* _WHAT THE EXERCISE ASKS_
Copy nothing from the entries below except the lines from the one containing "2011-03-17 logger fixed, now" through the one containing "2011-03-25 Fixed motion", and copy those exactly.

★ ★ ★ ★ ★ ★ ★

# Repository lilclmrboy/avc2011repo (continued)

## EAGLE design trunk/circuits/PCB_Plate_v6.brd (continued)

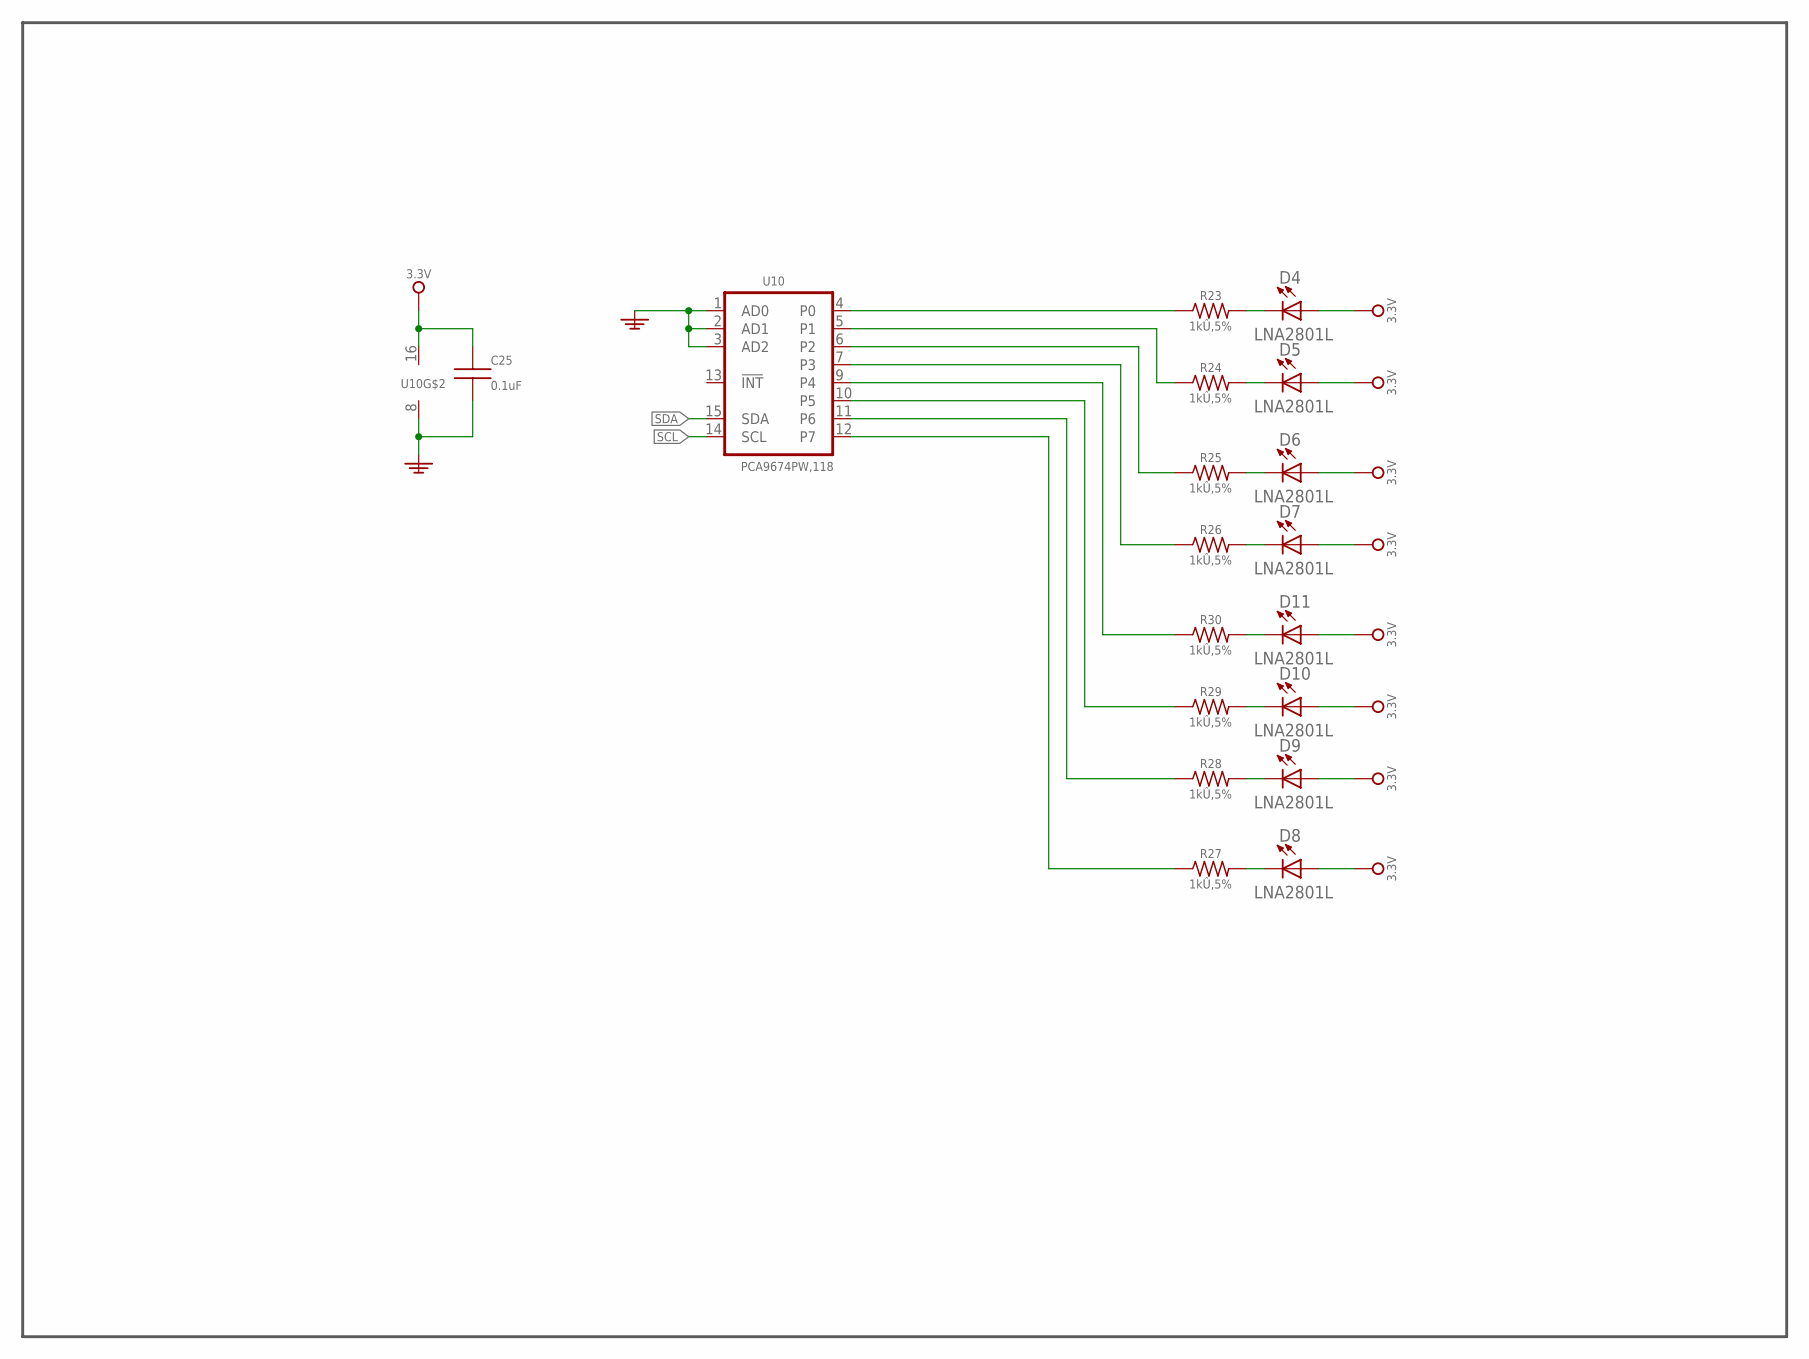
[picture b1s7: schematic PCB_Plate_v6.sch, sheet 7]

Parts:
C25: PCAPI00015; C0603
D4, D5, D6, D7, D8, D9, D10, D11: PDIOD00003; LT3LR1N02-001
R23, R24, R25, R26, R27, R28, R29, R30: PRESI00012; CFR-12
U10: I2C_DIO_EXPANDER; TSSOP16

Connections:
3V3: C25.1, D4.A, D5.A, D6.A, D7.A, D8.A, D9.A, D10.A, D11.A, U10.16 (VCC); also elsewhere on the board
GND: C25.2, U10.1 (AD0), U10.2 (AD1), U10.3 (AD2), U10.8 (GND); also elsewhere on the board
unnamed: D4.C, R23.P$2 (2)
unnamed: R23.P$1 (1), U10.4 (P0)
unnamed: D5.C, R24.P$2 (2)
unnamed: D6.C, R25.P$2 (2)
unnamed: D7.C, R26.P$2 (2)
unnamed: D11.C, R30.P$2 (2)
unnamed: D10.C, R29.P$2 (2)
unnamed: D9.C, R28.P$2 (2)
unnamed: D8.C, R27.P$2 (2)
unnamed: R24.P$1 (1), U10.5 (P1)
unnamed: R25.P$1 (1), U10.6 (P2)
unnamed: R26.P$1 (1), U10.7 (P3)
unnamed: R30.P$1 (1), U10.9 (P4)
unnamed: R29.P$1 (1), U10.10 (P5)
unnamed: R28.P$1 (1), U10.11 (P6)
unnamed: R27.P$1 (1), U10.12 (P7)
SCL: U10.14 (SCL); also elsewhere on the board
SDA: U10.15 (SDA); also elsewhere on the board

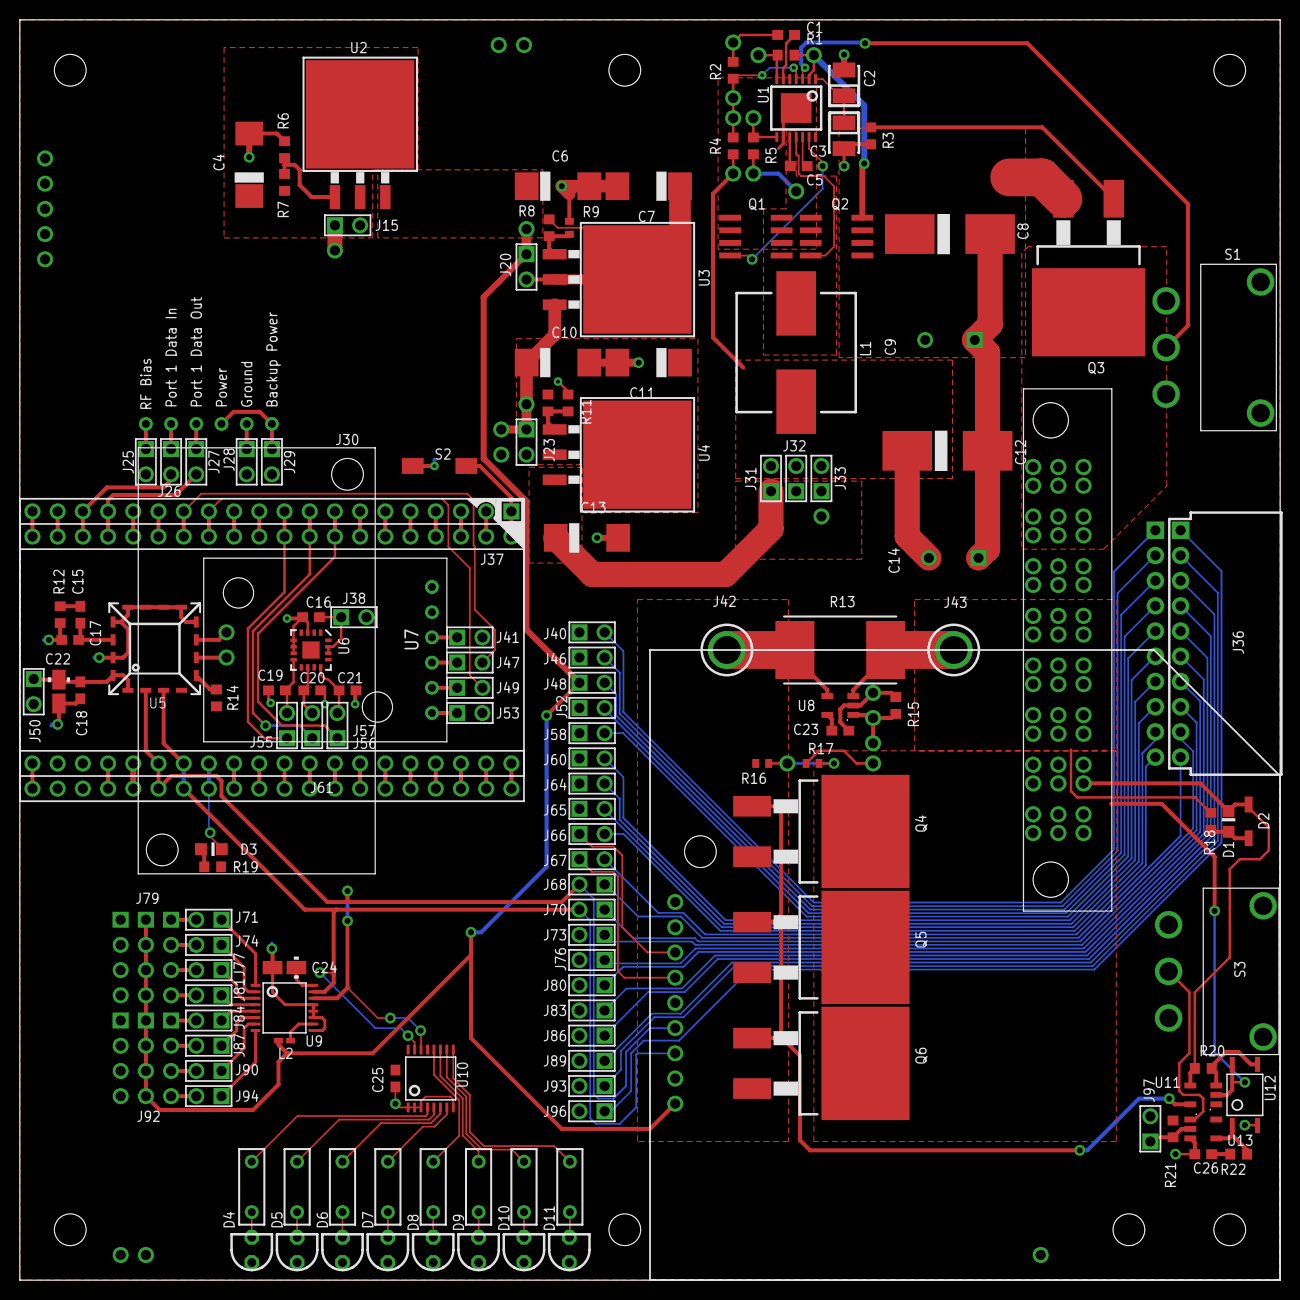
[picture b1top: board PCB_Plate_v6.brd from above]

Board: 2 copper layers, 127.0 x 127.0 mm, 198 parts (0 on the bottom side), 150 nets.

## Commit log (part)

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2011-03-16 broke the logger
2011-03-17 almost fixed logger, that I broke
2011-03-17 logger fixed, now planner is broken
2011-03-17 fixed app and planner for new logger
2011-03-19 Commented out sonar and ir polling threads to allow RC interaction to take over.
2011-03-21 updated RC control values
2011-03-22 More mucking with motion configuration parameters
2011-03-22 RC updates added deadband, divisor, and neutral variables
2011-03-23 removed polling from the location polling thread
2011-03-23 removed all enable bits
2011-03-23 logging GPS coordinates to GPX format
2011-03-23 moved rc enable to scratchpad locations and update motion thread
2011-03-25 Fixed motion settings after rewire, updated control settings, fixed debug string functions. It works.
2011-03-25 updated tarfile for linux to include moto app
2011-03-25 Tweaking sucks. And it's not done. Ugh
2011-03-30 Have a limping robot. No more dead FETs. Lot's of blown fuses.
2011-04-06 pwm frequency set to 2.441KHz
2011-04-10 Added testing ability with no GPS to try to return to same 0,0 starting point.
2011-04-10 checkGPS
2011-04-10 first round running against robot
2011-04-10 fixed typo in xml
2011-04-11 Added logging class to motion module. Also added RC over ride check
2011-04-11 Added debug log to motion setpoint action
2011-04-12 Added the ir repulsive sensor layer to the C++
2011-04-15 Added more sensors and tested the planner. It actually works. Next, put the ITX on it
2011-04-19 initial position updates
2011-04-19 Sonar sensor integration
2011-04-19 track to last waypoint
2011-04-20 Getting funky behavior with stems timing out. A holes
2011-04-21 Added user sounds
2011-04-21 compressed audio and added "thatsucked.wav"
2011-04-21 added southpark sounds
2011-04-21 Testing repulsive forces against the planner
2011-04-21 Deleted manual over ride section in motion module
2011-04-21 added check and reconnect function in controller
2011-04-21 Well. We need to sleep. It's been a good ride.
2011-04-21 Link down reflex should trigger manual over ride. When link is re-established, we allow autonomous control.
2011-04-21 Included updated GP2 reflexes tea file and tweaked makefile
2011-04-21 work in progress. Mostly driving with basic N/S map.
2011-04-22 Turned off the link down reflex
2011-04-22 Added in random chicken sounds
2011-04-22 More clucking sounds
2011-04-23 working in parkinglot
2011-04-23 added K-Filter
2011-04-23 logging track
2011-04-23 I'm Stupid
2011-08-10 Added a single braindump file for 2012 and makefile change
2011-08-10 Added some files to help work on the pcb plate.
2011-08-11 started a bit of schematic capture
2011-08-11 A small bit of power inputs for motor side of things.
2011-08-12 Added current sensing to motor power line
2011-08-22 Added some samtec parts and a library file
2011-08-22 Adding lots of cad model work.
2011-08-22 Added some missing cad files
2011-08-29 Added rough dimension drawing of pcb
2011-08-30 Started the board layout based on CAD model
2011-10-03 PCB work. Tying things up, added mount holes to board layout. Loads more to do
2011-10-04 More schematic capture. Assigned pin functionality on 20 pin header
2011-10-10 Changing main 12.0V regulator to simple switcher
2011-12-30 checking in switching regulator schematic capture
2012-01-06 checking in minor pcb schematic changes. starting accel and gyro integration
2012-01-07 Added generalized sensor interface
2012-01-09 added i2c a2d interface for a wider range of sensor inputs
2012-01-09 added note about what accel to use
2012-01-10 minor pcb tweeks
2012-01-11 Added working tea code for low level servo control of robot
2012-01-12 Checking in some routing on the pcb and added Devantech compass to the schematic
2012-01-13 Minor routing to some LDOs
2012-01-17 Mostly routed the switching regulator
2012-01-21 added accelerometer and routed it
2012-01-22 routed motor current measurement
2012-01-22 moved connectors to mid plane of circuit board. jumpers for 20 pin connector are now together
2012-01-23 Started routing from 20 pin connector to patchbay
2012-03-08 checking in a fully routed top plate. can one take any longer?
2012-03-12 checking in board. revision a ready to go
2012-03-14 updated part numbers
2012-04-14 checking in schematic changes
2012-04-14 checking in current acroname mac download
2012-04-17 checking in shell of GUI app code to test sub systems
2012-04-18 added stemdebug file
2012-04-18 checking in gui app changes with super controls
2012-04-18 checking in tarball with updated acroname mac sources
2012-04-18 added gp 2.0 module check in gui app
2012-04-18 removed stemdebug file
2012-04-22 working on getting motion module to, well, work
2012-04-22 cleaned up motion module sweep. tested full circle range
2012-04-26 refreshing for 2012
2012-04-27 rudimentary input receiver to servo output
2012-04-27 checking in working gp servo code for RC control.
2012-04-28 checking in motion module rework for 2012
2012-04-28 added updated linux acroname distro with drivers
2012-05-01 basic opencv camera example
2012-05-01 checking in start of C++ repulsive force interface
2012-05-01 Make the repulsive code compile now. Geez.
2012-05-01 added a logger class and for loop around the update the repulsive force class
2012-05-02 added tests to locModule, updated gpsQuality function
2012-05-02 added more configuration file settings to repulsive force class. each sensor looks to it's own setting file for details
2012-05-03 gp2d12 force distance normalization and repulisive force radius setting
2012-05-03 basic flow
2012-05-03 flow mesh
2012-05-03 checking in working scaled distance sharp sensor force class
2012-05-04 - add map.track (example track only) - improved logging in planner - plannerTest now compiles - repulsiveTest verified with sensors - add IR sensor configs - improved logging in repulsiveForces - fix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
2012-05-04 - restore config strings for planner and controller - make SparkPathLargeStep the default map - add maps folder - add acroSquare map for driving a square in front of acroSupplyCo - add north-south ma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
2012-05-04 Moved servo control into own function
2012-05-06 threaded the repulsive force class. fancy pants
2012-05-07 Simplified repulsive sensor sub classes, added long range sharp sensor class
2012-05-09 checking in some working tests with againts the repulsive class with the motion vector fast
2012-05-09 added a deadband to the tea for servo control
2012-05-10 added xcode project for the motion planner
2012-05-10 removed crud from xcode project
2012-05-12 Start work on updating locModule (not much progress)
2012-05-22 preparation for empirical sampling of turning rate.
2012-05-25 wrote code to get compass readings and covert to radians
2012-05-26 - add error check to getAccel in locModule - add gps
2012-05-29 - tab changes in controller.cpp - update GPS functions in locModule - add gps to posTest - add limits.h and unistd.h to planner.cpp - add PATH_MAX for ubuntu compiles
2012-05-30 moved avc2011 files to avc
2012-05-30 cleaning up tea files
2012-05-30 more cleanup
2012-05-30 added max turn angle and cubic line fitting params
2012-05-31 getting loc module in shape
2012-06-05 - slow down main loop for test logging clarity - enable GPS in locModule - fix? dx, dy calc in locModule - add logging in planner
2012-06-05 - add gyro - add L3G4200D gyro
2012-06-06 We beat up the code pretty hard. Cleaned up a lot of code. Still not chasing the goal yet
2012-06-07 - fix scratch pad reading/writing confusions - fix lat/long mix in locModule - change to distance instead of velocity calcs to prevent rounding craziness - use #def for meter_per_tick in locMod insta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
2012-06-07 reworked main controller loop... probably broke stuff
2012-06-07 dude
2012-06-07 dude dude
2012-06-07 - add logger member to avcCompass - move compass to class - change heading to be in degrees (with rad option) - add CMPS10 to compass - remove L3G04200D and LSM303DLM headers - update makefile to sup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
2012-06-08 - update chicken.config for testing - add test for CMPS10 - add factory cal reset for CMPS10 - fix main controller loop timer - enable compass in locModule - disable first GPS fix for testing - disab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
2012-06-09 checking in v120530 download for acroname sources
2012-06-09 add input voltage measurement and configuration input settings
2012-06-09 - add CMPS10.cpp - add LSM303DLM accel and heading - fix all sorts of IIC craziness on LSM303DLM
2012-06-09 checking in test system with a fancy new compass and voltage monitoring
2012-06-09 adding death metal rooster sound
2012-06-10 - add loop delay and mapfile to chicken.config - move PlaySound to avc.h - remove voltage sound warning - switch to LSM303DLM compass - minor motionModule changes - flip y motivation from planner to 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
2012-06-10 - move ADXL335 accelerometer to the accelerometer class - change getAccelerometerReadings to return floats - more compass cleanup
2012-06-10 - add directions to map waypoints
2012-06-10 added TinyGPS NEMA sentence parsing app, fixed snow leopard xcode project
2012-06-10 added singleton gps class will need to fill in init, run, and get position methods.
2012-06-10 - change max_turnangle to smooth out steering - pass in throttle to locModule so we don't have to read it from the spad - remove locModule fRot and steer angle reading - add moving average to steerAn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
2012-06-12 - add pos/heading/target logger to controller - fix planner accessor functions for logger
2012-06-12 working gpsTest in makefile for new gps unit.
2012-06-13 Updated ADXL335 accel to return m/sec^2 values and do running avg if wanted. Fixed uninitialized variable warning in lcoModule
2012-06-13 - add accelerometer thread class - add hdop accessor to gps - add gps to locModule - fix build
2012-06-13 - add accelerometer thread to locModule - add unit test for accelerometer thread
2012-06-14 fixed 1 element arrays
2012-06-14 - add LSM303DLM.h - remove servo based +/- in locModule - correct ticks per meter with new encoder
2012-06-14 Updated error functionality in gps
2012-06-14 attempt at changing how we poll for encoder readings
2012-06-14 Fixed compiling warning cause I suck
2012-06-14 added GPS unit to location module. Currently within aUSE_GPS define which is defined in the makefile but commented out.
2012-06-15 Updated encoder tick rate after changing to a 4 quad disc
2012-06-15 how do you screw up comments? geez...
2012-06-15 Threaded the damn gyro class. Did some stats on the accel too
2012-06-15 - enable EKF
2012-06-15 added system call to turn sound card all the way up. not tested
2012-06-15 - check in from late night work 2012Jun15 - update meters per tick for new encoder wheel - update locPlan logging to include a call to the compass - fix gps init in locModule - remove accel thread in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
2012-06-16 - change max steer angle to 45 - change donut sizing - fix volume setting - fix locModule compile under optimization - fix motModule delta calc - fix planner for last point in map
2012-06-16 Fucking fixed all Justin's code. It goes to 11.
2012-06-16 split GPS config items out into separate settings file so we can run two aRelays
2012-06-16 added boolean to enable repulsive forces, and fixed the thread starting issues
2012-06-16 added startup linux script to cluck like crazy
2012-06-16 - update chicken.config - update sparkFunLargeStep - enable repulsion by default (dumb config files and setting bools) - flip gps error logic (untested) - enable and tweak declination correction - tu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
2012-06-16 - first run map - repulse disabled - wider turning
2012-06-17 - not tested in the field, but final code for 2012 - added repulse with long range (hack) - modified map (was tested, for first turn) - fix y-sign in planner adding of repulse and goal
2012-06-29 added a copy of the live version of sparkfun band song for the headless chicken

★ ★ ★ ★ ★ ★ ★

* _OUTPUT OF THE EXERCISE_
2011-03-17 logger fixed, now planner is broken
2011-03-17 fixed app and planner for new logger
2011-03-19 Commented out sonar and ir polling threads to allow RC interaction to take over.
2011-03-21 updated RC control values
2011-03-22 More mucking with motion configuration parameters
2011-03-22 RC updates added deadband, divisor, and neutral variables
2011-03-23 removed polling from the location polling thread
2011-03-23 removed all enable bits
2011-03-23 logging GPS coordinates to GPX format
2011-03-23 moved rc enable to scratchpad locations and update motion thread
2011-03-25 Fixed motion settings after rewire, updated control settings, fixed debug string functions. It works.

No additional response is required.